As the trigger cam 1432 rotates in direction R2, the third portion 1432c of the trigger cam 1432 is moved upward, pushing the distal end 1426a of the pusher arm 1426 upward and rotating the pusher arm 1426 in a counter-clockwise direction (e.g., in direction R3, rotationally opposite of R2). The distal end 1426a of the pusher arm 1426 pushes against the trigger finger button 1445a of the virtual reality controller 1445. The trigger finger button 1445a can make direct or indirect contact with the pusher arm 1426. In some embodiments, the surface of the distal end 1426a of the pusher arm 1426 is coated with a thin aluminum or other conductive coating, since some virtual reality controllers have capacitive sensors to distinguish between a touch by a human finger and a touch by an inanimate object. As depicted in
When the firearm simulation assembly 1400 is in use (e.g., used for playing a VR shooting game), the magazine release button 1440 can be pressed by a user, causing the magazine release button 1440 to move from a neutral position to a depressed position, to simulate a magazine release. When pressed, the magazine release button 1440 is translated in direction A5 within the swappable firearm body 1410, pushing against the second distal end 1455b and exerting a moment on the magazine release arm 1455. The moment causes the magazine release arm 1455 to rotate about the shaft 1452 in direction R4 such that the first distal end 1455a moves towards and depresses the side button 1445b of the virtual reality controller 1445. When paired with appropriate virtual reality application software, depressing the side button 1445b may be interpreted to release the magazine of the firearm within a virtual reality application. When the user releases the magazine release button 1440, the biasing member 1454 pushes against the magazine release arm 1455 and returns the magazine release button 1440 to the neutral position.
The invention in its broader aspects is not limited to the specific details of the preferred embodiments shown and described, and it will be appreciated that variations and modifications can be made without departing from the scope of the invention. For example, while springs are typically disclosed as a biasing mechanism in the description, it will be appreciated that other biasing mechanisms such as rubber bumpers, rubber bands, or other mechanical equivalents could be used.
It will be apparent to those having skill in the art that changes may be made to the details of the above-described embodiments without departing from the underlying principles of the present disclosure.
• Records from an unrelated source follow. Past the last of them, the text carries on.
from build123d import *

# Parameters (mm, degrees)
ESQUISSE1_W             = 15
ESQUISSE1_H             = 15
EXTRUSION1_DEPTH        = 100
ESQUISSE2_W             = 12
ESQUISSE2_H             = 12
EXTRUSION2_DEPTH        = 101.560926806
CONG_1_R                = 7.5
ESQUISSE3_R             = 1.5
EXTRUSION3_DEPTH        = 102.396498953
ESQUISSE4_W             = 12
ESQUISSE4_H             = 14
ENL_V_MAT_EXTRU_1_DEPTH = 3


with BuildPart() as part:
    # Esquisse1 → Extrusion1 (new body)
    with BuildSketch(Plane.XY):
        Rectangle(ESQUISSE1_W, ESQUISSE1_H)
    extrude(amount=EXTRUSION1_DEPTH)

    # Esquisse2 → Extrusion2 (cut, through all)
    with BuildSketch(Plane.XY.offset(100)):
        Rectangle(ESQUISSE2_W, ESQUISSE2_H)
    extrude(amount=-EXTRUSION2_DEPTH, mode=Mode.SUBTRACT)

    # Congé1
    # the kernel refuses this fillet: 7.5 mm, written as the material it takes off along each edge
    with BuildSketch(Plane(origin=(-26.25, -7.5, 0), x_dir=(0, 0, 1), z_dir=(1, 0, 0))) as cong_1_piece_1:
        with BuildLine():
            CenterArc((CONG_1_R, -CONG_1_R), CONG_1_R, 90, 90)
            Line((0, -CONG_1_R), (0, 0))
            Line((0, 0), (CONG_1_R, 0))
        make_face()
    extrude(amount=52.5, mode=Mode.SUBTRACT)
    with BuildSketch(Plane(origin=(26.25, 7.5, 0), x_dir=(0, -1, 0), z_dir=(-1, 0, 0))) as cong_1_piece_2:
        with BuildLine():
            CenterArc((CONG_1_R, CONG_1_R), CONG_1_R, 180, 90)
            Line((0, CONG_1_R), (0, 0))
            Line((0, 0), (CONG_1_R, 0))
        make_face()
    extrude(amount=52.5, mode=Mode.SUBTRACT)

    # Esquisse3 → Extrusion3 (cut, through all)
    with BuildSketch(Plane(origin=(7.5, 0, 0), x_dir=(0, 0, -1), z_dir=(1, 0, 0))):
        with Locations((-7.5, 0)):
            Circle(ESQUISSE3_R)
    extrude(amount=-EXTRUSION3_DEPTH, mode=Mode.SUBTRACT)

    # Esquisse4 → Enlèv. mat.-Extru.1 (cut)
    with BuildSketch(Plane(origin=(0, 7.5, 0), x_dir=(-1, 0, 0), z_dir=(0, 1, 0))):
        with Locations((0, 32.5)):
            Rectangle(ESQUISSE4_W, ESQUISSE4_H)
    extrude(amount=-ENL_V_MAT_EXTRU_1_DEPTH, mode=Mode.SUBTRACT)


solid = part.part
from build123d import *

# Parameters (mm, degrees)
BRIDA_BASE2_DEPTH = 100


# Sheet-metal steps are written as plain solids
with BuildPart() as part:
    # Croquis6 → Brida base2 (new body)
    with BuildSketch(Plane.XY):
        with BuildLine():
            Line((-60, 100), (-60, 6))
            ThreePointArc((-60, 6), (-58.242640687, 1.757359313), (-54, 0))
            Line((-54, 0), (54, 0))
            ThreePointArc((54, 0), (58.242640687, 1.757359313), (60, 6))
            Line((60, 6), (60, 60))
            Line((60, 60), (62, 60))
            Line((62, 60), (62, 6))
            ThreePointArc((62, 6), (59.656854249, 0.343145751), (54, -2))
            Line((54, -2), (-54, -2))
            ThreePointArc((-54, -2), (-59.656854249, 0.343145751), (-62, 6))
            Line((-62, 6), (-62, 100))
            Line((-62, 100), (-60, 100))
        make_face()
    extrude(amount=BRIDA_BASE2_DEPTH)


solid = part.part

In some cases, well known structures and functions have not been shown or described in detail to avoid unnecessarily obscuring the description of the embodiments of the present technology. Although steps of methods may be presented herein in a particular order, alternative embodiments may perform the steps in a different order. Similarly, certain aspects of the present technology disclosed in the context of particular embodiments can be combined or eliminated in other embodiments. Furthermore, while advantages associated with certain embodiments of the present technology may have been disclosed in the context of those embodiments, other embodiments can also exhibit such advantages, and not all embodiments need necessarily exhibit such advantages or other advantages disclosed herein to fall within the scope of the technology. Accordingly, the disclosure and associated technology can encompass other embodiments not expressly shown or described herein, and the invention is not limited except as by the appended claims.
Reference herein to “one embodiment,” “an embodiment,” “some embodiments” or similar formulations means that a particular feature, structure, operation, or characteristic described in connection with the embodiment can be included in at least one embodiment of the present technology. Thus, the appearances of such phrases or formulations herein are not necessarily all referring to the same embodiment. Furthermore, various particular features, structures, operations, or characteristics may be combined in any suitable manner in one or more embodiments.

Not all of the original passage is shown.